# My New Herd Sire :)



## NyGoatMom (Jan 26, 2013)

Okay, so he's a little small :lol: But he sure is 18 lbs of cute!

Just got back from picking him up...he's a Purebred Nubian :stars: I can get him registered!! Yay!! He needs a name, so feel free to suggest one


----------



## NubianFan (Jun 3, 2013)

Van Gough or Vincent because he looks like a painting


----------



## NyGoatMom (Jan 26, 2013)

His wether buddy is Oliver....the lady was calling him "luke"


----------



## OakHollowRanch (Jun 6, 2013)

He is gorgeous, congrats!


----------



## kccjer (Jan 27, 2012)

I absolutely LOVE his coloring! I'm a sucker for the odd colored ones....


----------



## NyGoatMom (Jan 26, 2013)

Thanks guys! He has white on him also....almost like an undercoat...


----------



## canyontrailgoats (Jan 4, 2014)

He's a unique looking boy! A good name for him would be Macchiato , it's a coffee with caramel cream and grayish coffee/cocoa.


----------



## Wild Hearts Ranch (Dec 26, 2011)

Moose Tracks


----------



## Mamaboyd (Oct 10, 2013)

handsome boy! congratulations


----------



## cybercat (Oct 18, 2007)

Nice boy. he reminds me of Rocky Road ice cream.


----------



## J.O.Y. Farm (Jan 10, 2012)

So handsome!! Love that flashy colors!


----------



## HerdQueen (Oct 15, 2012)

Stephanie he is beautiful! Did you pick him up at Northern Spy Farm?


----------



## ksalvagno (Oct 6, 2009)

Love his coloring.


----------



## NyGoatMom (Jan 26, 2013)

Thanks everyone.....Erica...he is from LoveKnot Farm in Canajoharie Ny.


----------



## HerdQueen (Oct 15, 2012)

He is wicked nice. Hope he blesses you with wonderful, healthy, spotted kids!


----------



## Skybison (Apr 25, 2014)

What a cute boy! How 'bout Walnut for a name suggestion, if you haven't decided?


----------



## HerdQueen (Oct 15, 2012)

I have to admit Stephanie, I'm turning a little green over here.


----------



## nchen7 (Feb 25, 2013)

How did I miss this post??? Congrats on the cutie pie!!!


----------



## Crossroads Boers (Feb 19, 2011)

He's awesome! Congrats!!


----------



## cajunmom (Apr 29, 2013)

I love his coloring. Absolutely gorgeous.
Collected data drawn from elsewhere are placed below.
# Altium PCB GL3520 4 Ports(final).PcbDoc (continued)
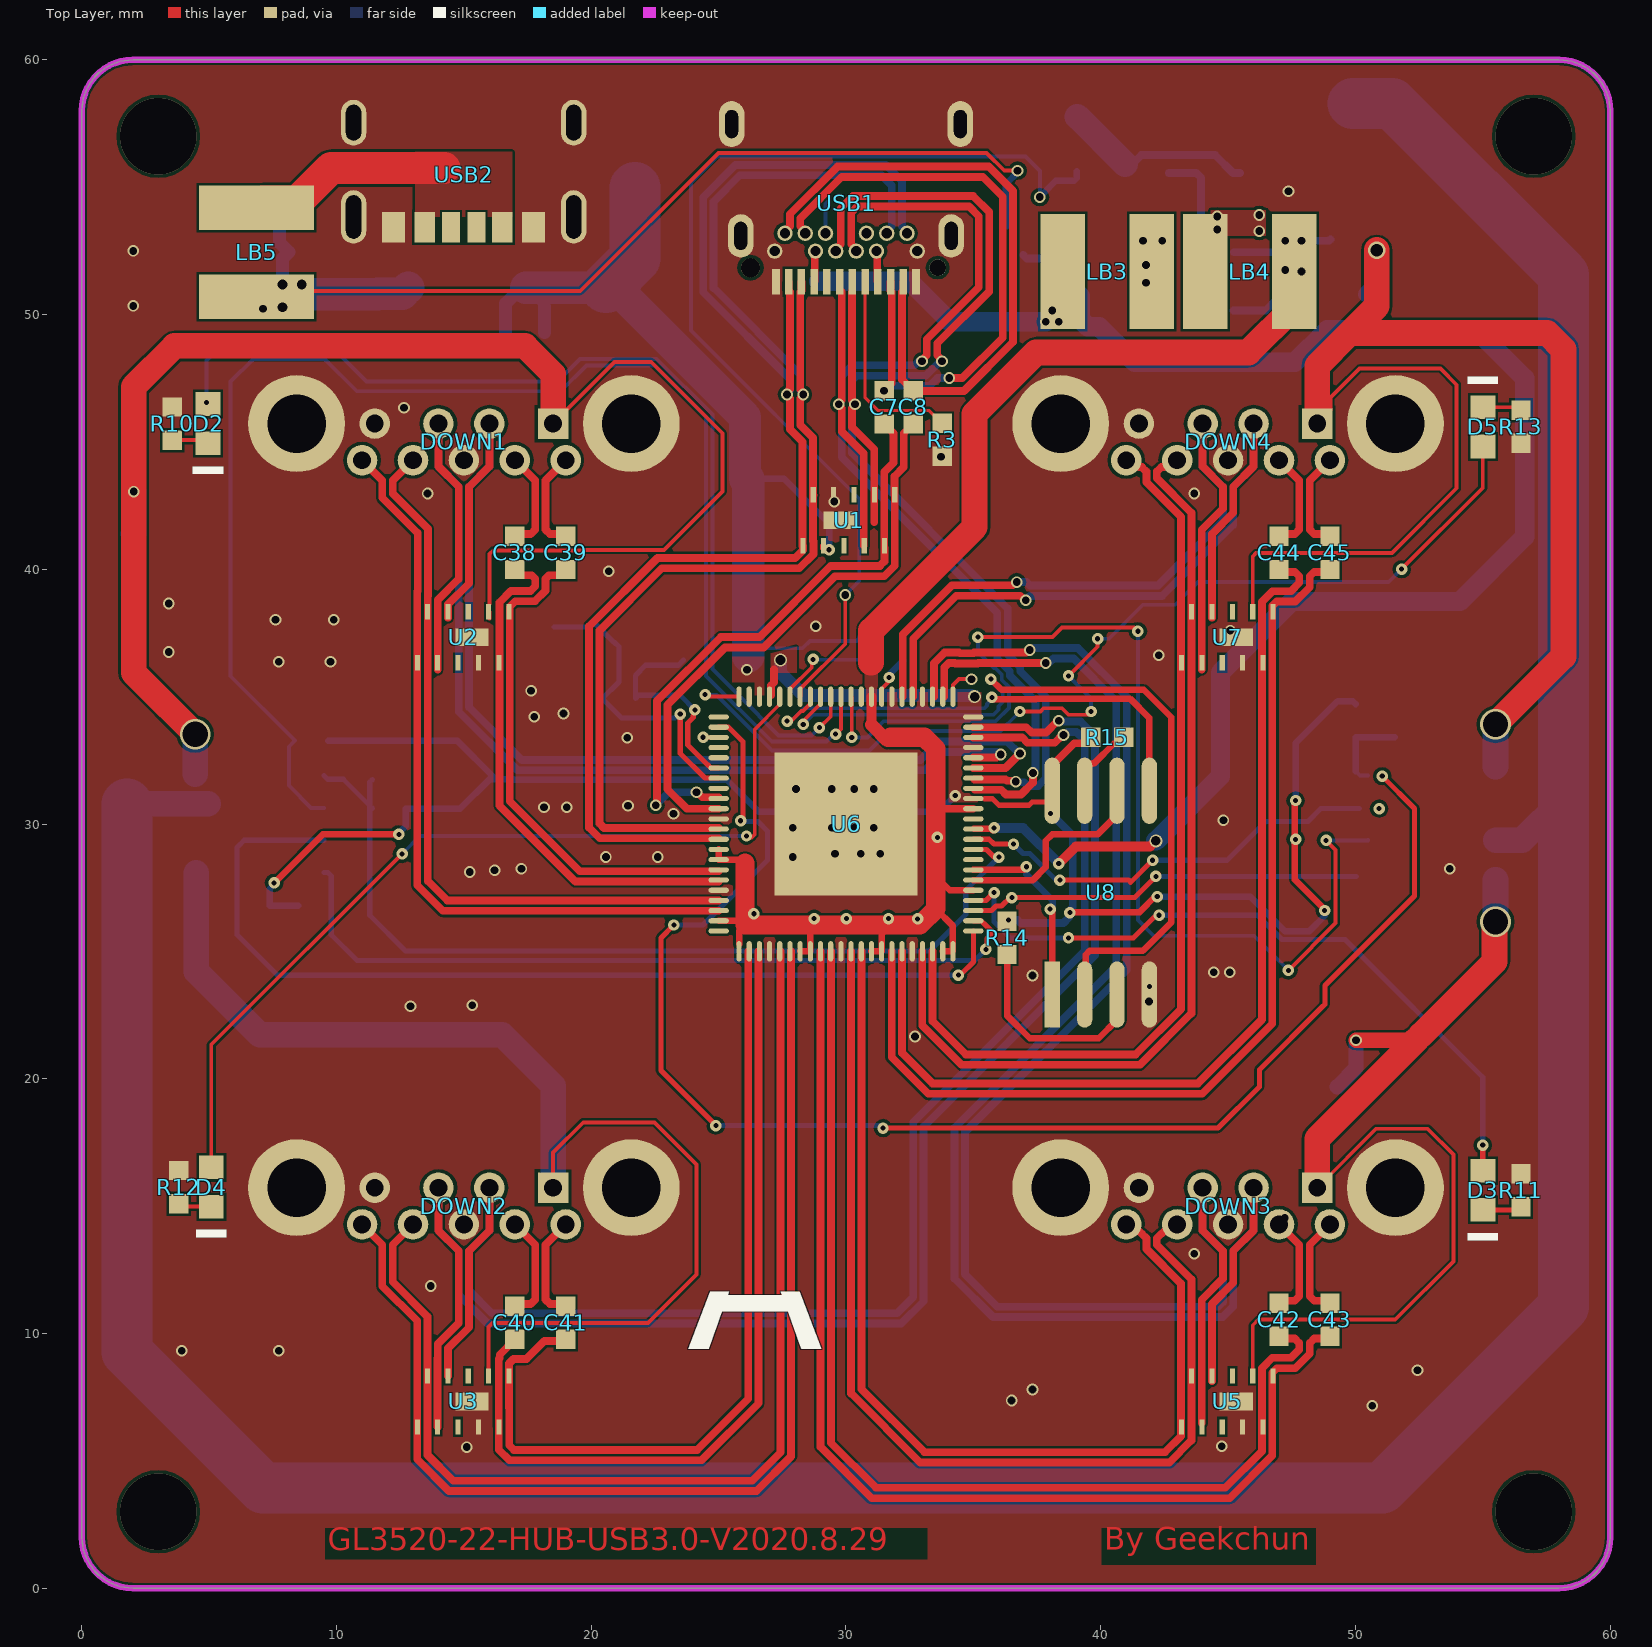
[diagram p0: Top Layer view]
## Nets (pads, with @x,y where several pads share a name; then routed paths per layer and width w, separated by ;. In a path a pad name is that pad's centre, name@x,y a point inside that pad or via, vN(x,y) a via of type N, cw(c..) or ccw(c..) an arc to the next point about the centre after c; other vN are vias at no path point)
CC1: R3.1 USB1.A5 | length 8
  Top Layer w0.127: USB1.A5 30.75,46.73 31.242,46.238 33.248,46.238 R3.1@33.767,45.72
CC2: R4.1 USB1.B5 | length 1.3
  Bottom Layer w0.152: USB1.B5 29.2,54.349 R4.1
DP1_DN: DOWN1.2 U2.4 U6.61 | length 44.8
  Top Layer w0.305: U2.4@14.376,38.1 14.376,38.626 15.203,39.453 15.203,43.24 16,44.036 DOWN1.2 ; U6.61 35,32.194 35.168,32.194 35.175,32.2 36.264,32.2 v1(36.83,32.766)
  Bottom Layer w0.305: DOWN1.2 16,44.036 15.203,43.24 15.203,34.581 17.272,32.512 32.921,32.512 33.643,33.234 36.328,33.234 36.796,32.766 v1(36.83,32.766)
DP1_DP: DOWN1.3 U2.7 U6.62 | length 45.7
  Top Layer w0.305: U2.7@13.97,36.068 13.97,38.795 14.797,39.622 14.797,43.24 14,44.036 DOWN1.3 ; U6.62@35,32.606 U6.62 35.006,32.606 35.911,32.606 36.03,32.726 v1(36.072,32.726)
  Bottom Layer w0.305: DOWN1.3 14,44.036 14.797,43.24 14.797,34.412 17.104,32.106 33.089,32.106 33.811,32.828 35.929,32.828 36.03,32.726 v1(36.072,32.726)
DP1_RXN: DOWN1.5 U2.6 U6.20 | length 29.8
  Top Layer w0.305: DOWN1.5 11.797,43.483 11.797,42.807 13.183,41.421 13.183,39.139 13.17,39.126 U2.6 13.17,27.597 14.173,26.594 U6.20@25,26.594
DP1_RXP: DOWN1.6 U2.5 U6.19 | length 29.2
  Top Layer w0.305: DOWN1.6 12.203,43.483 12.203,42.975 13.589,41.589 13.589,38.971 13.576,38.958 13.576,38.33 13.576,27.765 14.342,27 U6.19
DP1_TXN: C38.1 U2.10 U6.17 | length 20.7
  Top Layer w0.305: C38.1 17.229,39.761 17.66,39.761 17.797,39.625 17.797,39.33 17.618,39.152 16.851,39.152 16.391,38.693 16.391,36.33 16.391,30.726 19.376,27.741 U6.17@25,27.741
DP1_TXP: C39.1 U2.1 U6.16 | length 20.1
  Top Layer w0.305: C39.1 18.771,39.761 18.34,39.761 18.203,39.625 18.203,39.162 17.787,38.745 17.019,38.745 16.798,38.524 16.798,38.33 16.798,30.894 19.544,28.148 U6.16@25,28.148
DP2_DN: DOWN2.2 U3.4 U6.64 | length 59.9
  Top Layer w0.305: U3.4 14.376,8.336 14.376,9.416 15.203,10.243 15.203,13.24 16,14.036 DOWN2.2 ; U6.64 36.914,33.4 37.122,33.192 38.196,33.192 38.5,33.496 v1(38.541,33.496)
  Bottom Layer w0.305: DOWN2.2 16,14.036 15.203,13.24 15.203,11.684 16.092,10.795 32.004,10.795 32.639,11.43 32.639,18.288 39.37,25.019 39.37,33.293 39.049,33.614 38.7,33.614 38.583,33.496 v1(38.541,33.496)
DP2_DP: DOWN2.3 U3.7 U6.65 | length 64
  Top Layer w0.305: U3.7 13.964,6.336 13.964,9.011 13.97,9.017 13.97,9.585 14.797,10.412 14.797,13.24 14,14.036 DOWN2.3 ; U6.65 37.08,33.8 37.288,33.592 37.856,33.592 38.313,34.049 v1(38.354,34.049)
  Bottom Layer w0.305: DOWN2.3 14,14.036 14.797,13.24 14.797,11.516 15.924,10.389 32.172,10.389 33.045,11.262 33.045,18.12 39.776,24.851 39.776,33.461 39.218,34.02 38.383,34.02 v1(38.354,34.049)
DP2_RXN: DOWN2.5 U3.6 U6.28 | length 45.7
  Top Layer w0.305: DOWN2.5 11.797,13.483 11.797,11.859 13.164,10.492 13.164,6.33 13.164,5.058 14.411,3.81 26.483,3.81 27.838,5.166 U6.28@27.838,25
DP2_RXP: DOWN2.6 U3.5 U6.27 | length 44.4
  Top Layer w0.305: DOWN2.6 12.203,13.483 12.203,12.027 13.57,10.66 13.57,8.33 13.57,5.226 14.58,4.216 26.314,4.216 27.432,5.334 U6.27@27.432,25
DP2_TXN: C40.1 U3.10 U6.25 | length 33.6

Sent from my iPhone using Goat Forum


----------



## Chadwick (Jan 24, 2014)

Nice looking boy! You must be head over heels! He is such a cool pattern!


----------



## Chadwick (Jan 24, 2014)

I like Luke! It's a good name.


----------



## Julie W. (Oct 5, 2009)

What a pretty boy!


----------



## COgoatLover25 (Dec 23, 2013)

Congrats! Gorgeous boy!


Home to Reg. Nubians, Nigerians, and meat goats.


----------



## NyGoatMom (Jan 26, 2013)

Wow! Thanks everybody! He is adorable and gorgeous and all that :lol: Erica~ You mean I actually have a goat that makes you drool? Awesome 

He is a bit small for his age so I started cocci treatment right away since she said she doesn't have to ever treat for it but some of the goats were smallish so I err on the side of caution.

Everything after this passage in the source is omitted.